I noticed that you are using G4Dn instances. Unfortunately, plugin doesn't support g4dn platform. We only support p3dn and p4d platforms.

Looking at the libfabric error,

libfabric:465:1673041637:efa:cq:rxr_cq_write_tx_error():243<warn> rxr_cq_write_tx_error: err: 21, prov_err: Unknown error -21 (21)

@wzamazon Can you help reason out the error code?

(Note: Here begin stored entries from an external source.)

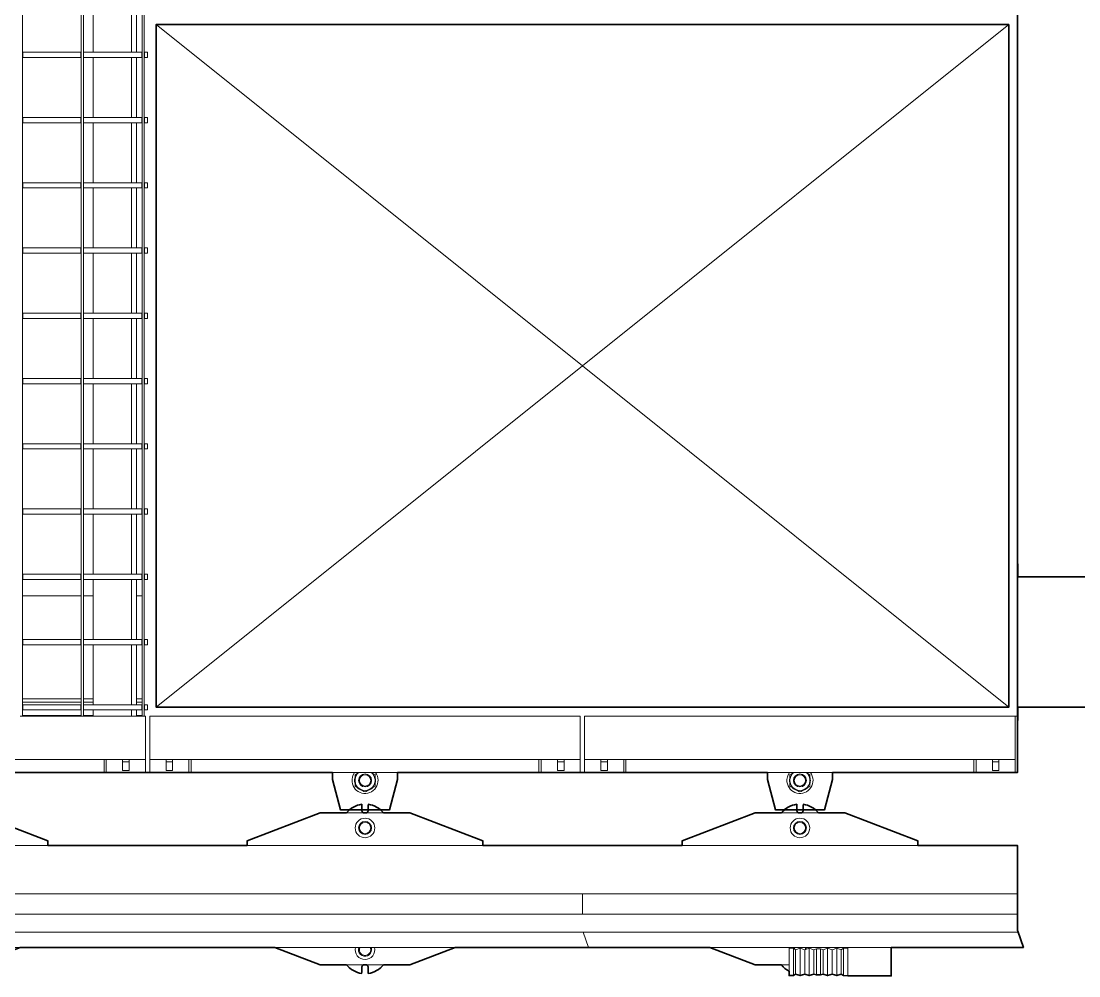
# Model space of a CAD drawing. Extents: x 28911 to 70911, y -59 to 29641.
# Drawn here: x 56482 to 58914, y 19060 to 21255 of the extents above; entities that cross this region are included whole.
import ezdxf

# ---------------------------------------------------------------- set-up
doc = ezdxf.new("R2010")
doc.units = 0
doc.header["$LTSCALE"] = 300
doc.header["$MEASUREMENT"] = 0
doc.linetypes.add('CONTINUA', pattern=[0])
for name, color, linetype, lineweight in [('21 CONTINUA 0.05', 6, 'Continuous', 9), ('22 CONTINUA 0.18', 3, 'Continuous', 18), ('23 CONTINUA 0.35', 4, 'Continuous', 35)]:
    doc.layers.add(name, color=color, linetype=linetype, lineweight=lineweight)

# ---------------------------------------------------------------- blocks, each defined once
blk = doc.blocks.new('A$C85772a73')
at = {"layer": '21 CONTINUA 0.05', "color": 7, "linetype": 'CONTINUA'}
for p, q in [((400, 138.7), (400, 201.7)), ((405, 142.1), (405, 198.2)), ((415.5, 138.7), (415.5, 201.7)), ((426, 142.1), (426, 198.2)), ((436.5, 138.7), (436.5, 201.7)), ((447, 142.1), (447, 198.2)), ((453, 140.2), (453, 200.2)), ((462, 140.2), (462, 200.2)), ((468, 142.1), (468, 198.2)), ((478.5, 138.7), (478.5, 201.7)), ((489, 142.1), (489, 198.2)), ((499.5, 138.7), (499.5, 201.7)), ((510, 142.1), (510, 198.2)), ((515, 138.7), (515, 201.7))]:
    blk.add_line(p, q, dxfattribs=at)
at = {"layer": '22 CONTINUA 0.18', "color": 7, "linetype": 'CONTINUA'}
for p, q in [((290, 202.2), (290, 137.2)), ((390, 202.2), (290, 202.2)), ((390, 137.2), (390, 202.2)), ((400, 201.7), (390, 201.7)), ((405, 198.2), (400, 201.7)), ((415.5, 201.7), (405, 198.2)), ((426, 198.2), (415.5, 201.7)), ((436.5, 201.7), (426, 198.2)), ((447, 198.2), (436.5, 201.7)), ((453, 200.2), (447, 198.2)), ((462, 200.2), (453, 200.2)), ((468, 198.2), (462, 200.2)), ((478.5, 201.7), (468, 198.2)), ((489, 198.2), (478.5, 201.7)), ((499.5, 201.7), (489, 198.2)), ((510, 198.2), (499.5, 201.7)), ((515, 201.7), (510, 198.2)), ((525, 201.7), (515, 201.7)), ((525, 170.2), (525, 201.7)), ((1491.9, 196.6), (1492.5, 196.1)), ((1492.5, 194.5), (1492.5, 183.2)), ((1507.5, 196.1), (1508.1, 196.6)), ((1507.5, 183.2), (1507.5, 194.5)), ((525, 177.2), (544.3, 177.2)), ((544.3, 177.2), (545.6, 177.2)), ((545.6, 177.2), (594.7, 177.2)), ((594.7, 177.2), (603.1, 177.2)), ((603.4, 177.1), (707.3, 136.8)), ((1292.7, 136.8), (1396.6, 177.1)), ((1396.9, 177.2), (1405.3, 177.2)), ((1405.3, 177.2), (1454.4, 177.2)), ((1454.4, 177.2), (1455.7, 177.2)), ((1455.7, 177.2), (1544.3, 177.2)), ((1544.3, 177.2), (1545.6, 177.2)), ((1545.6, 177.2), (1594.7, 177.2)), ((1594.7, 177.2), (1603.1, 177.2)), ((1603.4, 177.1), (1707.3, 136.8)), ((525, 138.7), (525, 170.2)), ((986.2, 136.8), (-13.8, 136.8)), ((-13.8, 136.8), (-0.7, 99.8)), ((290, 137.2), (290, 136.8)), ((390, 138.7), (400, 138.7)), ((390, 136.8), (390, 137.2)), ((400, 138.7), (405, 142.1)), ((405, 142.1), (415.5, 138.7)), ((415.5, 138.7), (426, 142.1)), ((426, 142.1), (436.5, 138.7)), ((436.5, 138.7), (447, 142.1)), ((447, 142.1), (453, 140.2)), ((453, 140.2), (462, 140.2)), ((462, 140.2), (468, 142.1)), ((468, 142.1), (478.5, 138.7)), ((478.5, 138.7), (489, 142.1)), ((489, 142.1), (499.5, 138.7)), ((499.5, 138.7), (510, 142.1)), ((510, 142.1), (515, 138.7)), ((515, 138.7), (525, 138.7)), ((986.2, 136.8), (998.5, 102.1)), ((2986.2, 136.8), (986.2, 136.8)), ((0, 97.8), (-0.7, 99.8)), ((0, 102.1), (6000, 102.1)), ((6000, 102.1), (0, 102.1)), ((0, -97.8), (0, 102.1)), ((0, 60.4), (1000, 60.4)), ((1000, 13.8), (1000, 60.4)), ((1000, 60.4), (3000, 60.4)), ((0, 13.8), (1000, 13.8)), ((1000, 13.8), (3000, 13.8)), ((6000, -97.8), (0, -97.8)), ((229, -98.8), (229, -107.1)), ((396.6, -172.8), (229.6, -108.1)), ((770.4, -108.1), (603.4, -172.8)), ((771, -98.8), (771, -107.1)), ((1229, -98.8), (1229, -107.1)), ((1396.6, -172.8), (1229.6, -108.1)), ((1770.4, -108.1), (1603.4, -172.8)), ((1771, -98.8), (1771, -107.1)), ((2229, -98.8), (2229, -107.1)), ((2396.6, -172.8), (2229.6, -108.1)), ((405.3, -172.8), (396.9, -172.8)), ((405.3, -172.8), (454.4, -172.8)), ((454.4, -172.8), (455.7, -172.8)), ((455.7, -172.8), (544.3, -172.8)), ((492.5, -191.8), (491.9, -192.3)), ((492.5, -178.8), (492.5, -190.2)), ((507.5, -190.2), (507.5, -178.8)), ((508.1, -192.3), (507.5, -191.8)), ((544.3, -172.8), (545.6, -172.8)), ((545.6, -172.8), (594.7, -172.8)), ((603.1, -172.8), (594.7, -172.8)), ((1405.3, -172.8), (1396.9, -172.8)), ((1405.3, -172.8), (1454.4, -172.8)), ((1454.4, -172.8), (1455.7, -172.8)), ((1455.7, -172.8), (1544.3, -172.8)), ((1492.5, -191.8), (1491.9, -192.3)), ((1492.5, -178.8), (1492.5, -190.2)), ((1507.5, -190.2), (1507.5, -178.8)), ((1508.1, -192.3), (1507.5, -191.8)), ((1544.3, -172.8), (1545.6, -172.8)), ((1545.6, -172.8), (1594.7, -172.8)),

@rashikakheria Thanks for the response.

After reaching out to AWS support, I found out that the security group must have an ingress and egress rule where it should allow all traffic if the destination has the same security group. This rule should be added even if the a rule such as

IP version | Type | Protocol | Port range | Destination
IPv4 | All traffic | All | All | 0.0.0.0/0

is present.
After adding the rule, the instances are able to communicate with each other using EFA.